Task description
Please give back word for word the lines of the material below between the line containing "29h1.1M287.6 27.9h1.1M288.2 27.3v1.1M73.8" and the line containing "58.9l-3.8 14h-21M120.6 57.5h.8M120.6", inclusive.

The data

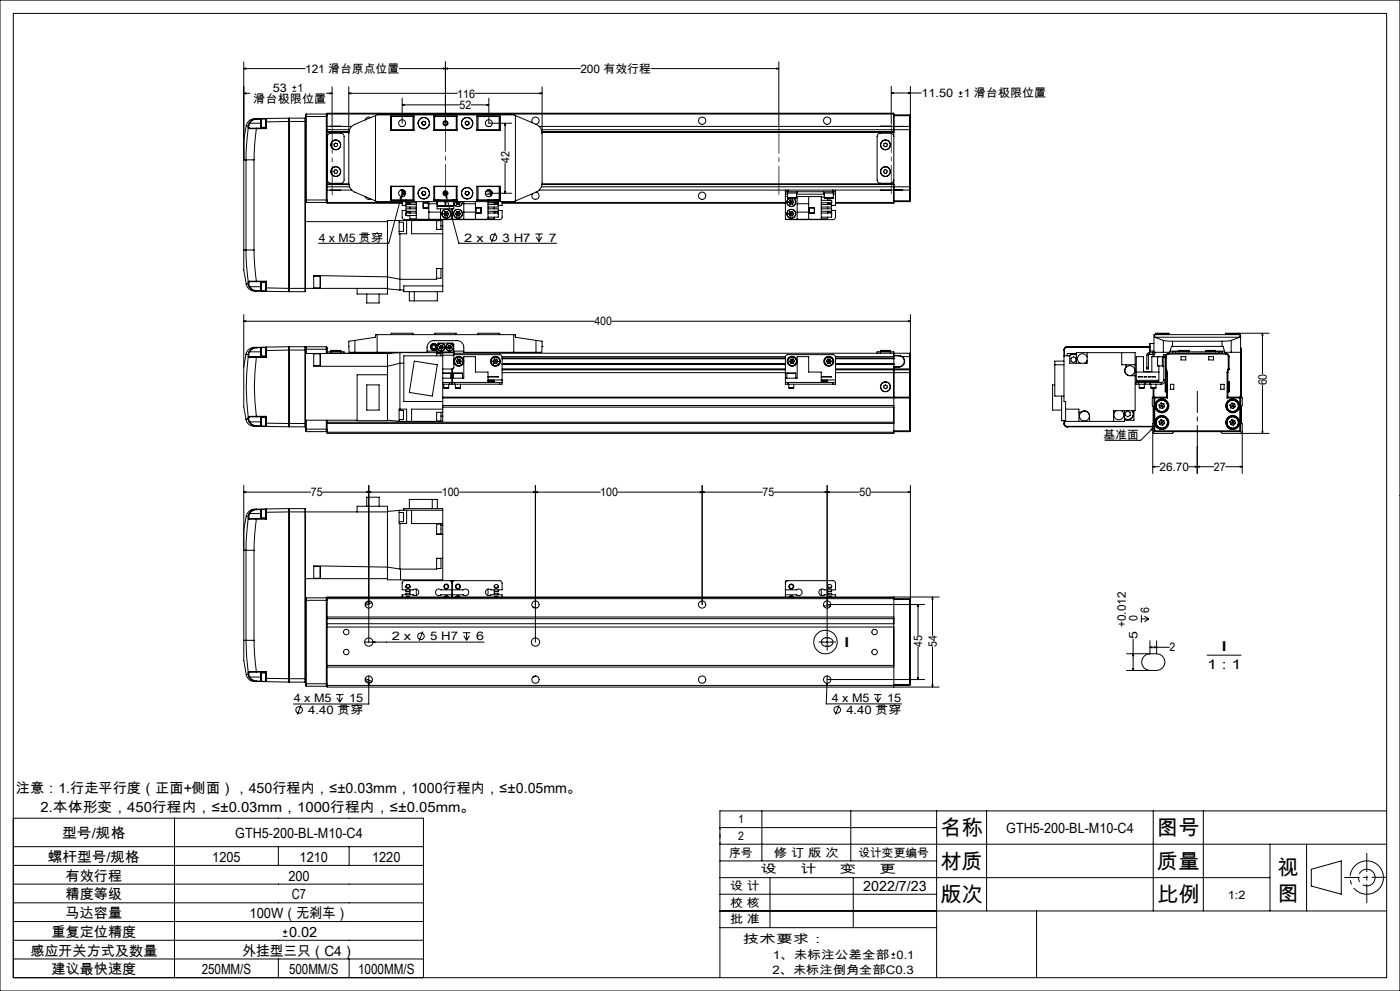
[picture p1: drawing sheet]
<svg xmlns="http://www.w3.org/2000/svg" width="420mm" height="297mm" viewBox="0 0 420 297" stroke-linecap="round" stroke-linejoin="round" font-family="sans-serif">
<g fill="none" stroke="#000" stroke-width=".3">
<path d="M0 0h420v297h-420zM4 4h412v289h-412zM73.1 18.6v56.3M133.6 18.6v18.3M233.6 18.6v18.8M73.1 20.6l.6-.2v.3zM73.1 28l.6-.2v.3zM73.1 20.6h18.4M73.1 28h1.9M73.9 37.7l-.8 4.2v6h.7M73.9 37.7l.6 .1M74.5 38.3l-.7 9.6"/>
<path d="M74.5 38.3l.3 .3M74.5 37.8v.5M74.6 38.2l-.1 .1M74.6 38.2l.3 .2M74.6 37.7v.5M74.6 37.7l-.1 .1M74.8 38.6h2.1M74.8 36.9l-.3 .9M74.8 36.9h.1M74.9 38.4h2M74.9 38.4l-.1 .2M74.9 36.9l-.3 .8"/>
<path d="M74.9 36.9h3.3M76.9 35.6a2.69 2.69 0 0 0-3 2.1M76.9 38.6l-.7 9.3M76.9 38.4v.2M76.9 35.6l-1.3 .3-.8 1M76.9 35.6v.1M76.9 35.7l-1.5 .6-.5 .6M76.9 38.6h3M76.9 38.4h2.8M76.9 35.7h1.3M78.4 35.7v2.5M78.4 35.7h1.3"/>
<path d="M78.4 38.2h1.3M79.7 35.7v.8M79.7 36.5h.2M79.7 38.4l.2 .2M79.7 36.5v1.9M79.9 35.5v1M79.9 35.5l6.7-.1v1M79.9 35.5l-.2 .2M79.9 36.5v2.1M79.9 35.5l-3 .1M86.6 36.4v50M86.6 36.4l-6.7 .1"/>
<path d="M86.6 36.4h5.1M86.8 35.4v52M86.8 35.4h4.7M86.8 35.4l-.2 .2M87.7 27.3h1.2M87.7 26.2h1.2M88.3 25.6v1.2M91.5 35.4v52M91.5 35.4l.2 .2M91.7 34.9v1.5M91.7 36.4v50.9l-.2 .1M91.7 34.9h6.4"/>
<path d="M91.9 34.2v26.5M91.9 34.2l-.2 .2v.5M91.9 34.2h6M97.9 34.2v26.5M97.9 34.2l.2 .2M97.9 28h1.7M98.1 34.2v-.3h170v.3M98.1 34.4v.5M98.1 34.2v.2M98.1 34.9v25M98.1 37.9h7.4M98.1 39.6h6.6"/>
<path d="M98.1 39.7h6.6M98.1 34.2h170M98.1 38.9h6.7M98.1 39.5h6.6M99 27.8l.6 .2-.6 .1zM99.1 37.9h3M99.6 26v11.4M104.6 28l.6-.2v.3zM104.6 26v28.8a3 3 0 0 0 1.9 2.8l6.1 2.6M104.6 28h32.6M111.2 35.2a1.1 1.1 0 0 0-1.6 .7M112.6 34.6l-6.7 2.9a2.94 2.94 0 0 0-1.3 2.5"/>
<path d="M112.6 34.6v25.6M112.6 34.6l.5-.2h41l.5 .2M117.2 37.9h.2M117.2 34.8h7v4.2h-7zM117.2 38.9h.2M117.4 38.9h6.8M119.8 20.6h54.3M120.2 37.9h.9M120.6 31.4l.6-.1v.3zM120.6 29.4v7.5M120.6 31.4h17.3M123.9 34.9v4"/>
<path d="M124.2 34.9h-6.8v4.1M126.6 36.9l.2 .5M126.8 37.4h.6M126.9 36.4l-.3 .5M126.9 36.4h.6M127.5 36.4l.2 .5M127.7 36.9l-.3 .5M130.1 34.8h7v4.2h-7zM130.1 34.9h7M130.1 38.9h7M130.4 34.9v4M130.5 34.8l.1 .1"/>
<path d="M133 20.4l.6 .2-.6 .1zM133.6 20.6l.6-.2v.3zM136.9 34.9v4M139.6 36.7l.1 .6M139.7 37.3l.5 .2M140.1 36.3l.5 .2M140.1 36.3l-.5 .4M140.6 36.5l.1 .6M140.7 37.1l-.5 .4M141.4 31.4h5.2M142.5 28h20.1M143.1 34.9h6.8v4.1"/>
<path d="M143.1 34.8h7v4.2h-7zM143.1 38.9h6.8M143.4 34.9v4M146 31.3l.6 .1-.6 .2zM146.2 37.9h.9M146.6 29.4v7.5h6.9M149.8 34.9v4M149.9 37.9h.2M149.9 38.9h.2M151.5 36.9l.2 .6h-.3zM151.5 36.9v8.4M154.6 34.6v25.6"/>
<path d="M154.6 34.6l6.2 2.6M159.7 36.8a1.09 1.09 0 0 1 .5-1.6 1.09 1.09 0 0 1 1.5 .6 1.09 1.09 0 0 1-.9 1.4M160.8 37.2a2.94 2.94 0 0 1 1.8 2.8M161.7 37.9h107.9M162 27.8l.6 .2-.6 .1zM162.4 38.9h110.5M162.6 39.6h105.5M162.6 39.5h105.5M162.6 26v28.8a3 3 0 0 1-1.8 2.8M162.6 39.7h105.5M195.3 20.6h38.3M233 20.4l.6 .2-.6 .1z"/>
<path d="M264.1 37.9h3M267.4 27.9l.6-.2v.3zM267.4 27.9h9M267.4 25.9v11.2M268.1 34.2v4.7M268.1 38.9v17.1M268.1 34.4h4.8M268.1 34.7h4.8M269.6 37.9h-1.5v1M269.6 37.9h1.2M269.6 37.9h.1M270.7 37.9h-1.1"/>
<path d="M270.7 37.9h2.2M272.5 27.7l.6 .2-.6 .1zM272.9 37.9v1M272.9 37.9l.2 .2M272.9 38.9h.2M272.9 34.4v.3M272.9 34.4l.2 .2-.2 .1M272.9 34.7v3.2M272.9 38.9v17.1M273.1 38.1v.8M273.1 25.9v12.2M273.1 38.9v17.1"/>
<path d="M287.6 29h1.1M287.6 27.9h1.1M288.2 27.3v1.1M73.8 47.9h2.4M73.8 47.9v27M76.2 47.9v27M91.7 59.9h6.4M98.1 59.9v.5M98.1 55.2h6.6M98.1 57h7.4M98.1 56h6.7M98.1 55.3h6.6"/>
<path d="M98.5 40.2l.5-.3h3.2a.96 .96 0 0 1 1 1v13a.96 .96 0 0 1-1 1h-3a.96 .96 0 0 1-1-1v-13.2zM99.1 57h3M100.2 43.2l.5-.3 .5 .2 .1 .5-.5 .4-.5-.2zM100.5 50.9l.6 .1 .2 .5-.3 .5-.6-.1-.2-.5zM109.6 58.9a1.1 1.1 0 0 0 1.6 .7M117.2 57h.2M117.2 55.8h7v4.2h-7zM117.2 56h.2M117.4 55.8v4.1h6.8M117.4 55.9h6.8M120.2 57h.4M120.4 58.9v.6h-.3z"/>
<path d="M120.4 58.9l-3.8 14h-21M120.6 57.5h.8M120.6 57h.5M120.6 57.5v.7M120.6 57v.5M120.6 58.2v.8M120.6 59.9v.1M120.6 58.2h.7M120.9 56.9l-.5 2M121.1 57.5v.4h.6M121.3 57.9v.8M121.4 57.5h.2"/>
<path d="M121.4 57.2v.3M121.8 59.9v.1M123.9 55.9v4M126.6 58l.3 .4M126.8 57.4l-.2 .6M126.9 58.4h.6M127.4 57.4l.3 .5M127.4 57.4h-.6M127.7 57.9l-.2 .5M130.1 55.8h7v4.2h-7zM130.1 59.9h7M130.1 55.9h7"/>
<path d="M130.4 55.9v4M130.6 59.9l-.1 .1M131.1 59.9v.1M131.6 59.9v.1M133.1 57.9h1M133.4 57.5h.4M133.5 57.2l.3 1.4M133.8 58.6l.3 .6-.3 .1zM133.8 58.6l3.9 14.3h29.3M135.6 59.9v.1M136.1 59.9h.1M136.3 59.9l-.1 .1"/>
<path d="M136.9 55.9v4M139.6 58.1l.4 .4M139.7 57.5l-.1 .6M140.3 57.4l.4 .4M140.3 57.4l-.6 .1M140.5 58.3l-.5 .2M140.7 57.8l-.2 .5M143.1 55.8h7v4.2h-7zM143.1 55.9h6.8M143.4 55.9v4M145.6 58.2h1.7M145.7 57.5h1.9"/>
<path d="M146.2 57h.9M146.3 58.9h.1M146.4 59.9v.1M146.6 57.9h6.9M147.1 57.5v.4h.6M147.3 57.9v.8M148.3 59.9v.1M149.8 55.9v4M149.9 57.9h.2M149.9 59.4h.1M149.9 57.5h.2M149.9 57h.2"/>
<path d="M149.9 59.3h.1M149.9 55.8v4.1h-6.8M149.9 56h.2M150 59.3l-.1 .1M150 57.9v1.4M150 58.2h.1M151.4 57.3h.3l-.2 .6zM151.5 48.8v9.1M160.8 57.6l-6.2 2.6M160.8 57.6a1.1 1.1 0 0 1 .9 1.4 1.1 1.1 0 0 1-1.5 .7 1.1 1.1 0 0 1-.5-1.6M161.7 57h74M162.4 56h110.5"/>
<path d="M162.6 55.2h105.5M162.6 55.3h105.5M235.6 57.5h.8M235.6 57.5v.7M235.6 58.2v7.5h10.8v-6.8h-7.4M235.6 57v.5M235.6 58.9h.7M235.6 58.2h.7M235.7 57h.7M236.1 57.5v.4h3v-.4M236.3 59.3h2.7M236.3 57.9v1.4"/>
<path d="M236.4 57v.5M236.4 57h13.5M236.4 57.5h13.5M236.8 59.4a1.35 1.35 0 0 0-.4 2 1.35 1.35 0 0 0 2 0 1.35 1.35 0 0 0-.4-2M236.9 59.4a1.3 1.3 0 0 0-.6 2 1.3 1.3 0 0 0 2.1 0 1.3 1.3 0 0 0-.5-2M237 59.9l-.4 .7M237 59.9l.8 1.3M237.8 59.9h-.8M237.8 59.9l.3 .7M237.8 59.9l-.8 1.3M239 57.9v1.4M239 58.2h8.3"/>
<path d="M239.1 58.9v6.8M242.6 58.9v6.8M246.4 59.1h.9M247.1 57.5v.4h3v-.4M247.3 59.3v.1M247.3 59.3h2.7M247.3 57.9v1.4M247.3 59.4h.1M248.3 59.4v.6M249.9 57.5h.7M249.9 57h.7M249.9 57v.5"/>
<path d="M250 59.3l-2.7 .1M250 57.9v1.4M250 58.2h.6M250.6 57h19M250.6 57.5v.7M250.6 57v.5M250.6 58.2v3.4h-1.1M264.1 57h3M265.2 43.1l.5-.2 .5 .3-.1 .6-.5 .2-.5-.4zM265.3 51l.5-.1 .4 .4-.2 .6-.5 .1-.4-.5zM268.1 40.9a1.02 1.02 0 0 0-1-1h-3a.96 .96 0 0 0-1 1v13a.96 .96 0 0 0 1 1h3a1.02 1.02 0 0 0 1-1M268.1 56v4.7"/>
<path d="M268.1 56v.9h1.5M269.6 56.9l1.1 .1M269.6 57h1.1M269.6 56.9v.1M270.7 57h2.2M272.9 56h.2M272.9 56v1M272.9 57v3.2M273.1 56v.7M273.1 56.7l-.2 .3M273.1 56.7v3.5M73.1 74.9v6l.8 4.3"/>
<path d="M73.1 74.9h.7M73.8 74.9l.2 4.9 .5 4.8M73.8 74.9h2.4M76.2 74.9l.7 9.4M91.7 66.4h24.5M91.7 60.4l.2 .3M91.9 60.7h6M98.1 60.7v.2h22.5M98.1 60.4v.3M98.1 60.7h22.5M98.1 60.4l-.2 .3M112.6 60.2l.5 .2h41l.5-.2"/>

Answer space
<path d="M287.6 29h1.1M287.6 27.9h1.1M288.2 27.3v1.1M73.8 47.9h2.4M73.8 47.9v27M76.2 47.9v27M91.7 59.9h6.4M98.1 59.9v.5M98.1 55.2h6.6M98.1 57h7.4M98.1 56h6.7M98.1 55.3h6.6"/>
<path d="M98.5 40.2l.5-.3h3.2a.96 .96 0 0 1 1 1v13a.96 .96 0 0 1-1 1h-3a.96 .96 0 0 1-1-1v-13.2zM99.1 57h3M100.2 43.2l.5-.3 .5 .2 .1 .5-.5 .4-.5-.2zM100.5 50.9l.6 .1 .2 .5-.3 .5-.6-.1-.2-.5zM109.6 58.9a1.1 1.1 0 0 0 1.6 .7M117.2 57h.2M117.2 55.8h7v4.2h-7zM117.2 56h.2M117.4 55.8v4.1h6.8M117.4 55.9h6.8M120.2 57h.4M120.4 58.9v.6h-.3z"/>
<path d="M120.4 58.9l-3.8 14h-21M120.6 57.5h.8M120.6 57h.5M120.6 57.5v.7M120.6 57v.5M120.6 58.2v.8M120.6 59.9v.1M120.6 58.2h.7M120.9 56.9l-.5 2M121.1 57.5v.4h.6M121.3 57.9v.8M121.4 57.5h.2"/>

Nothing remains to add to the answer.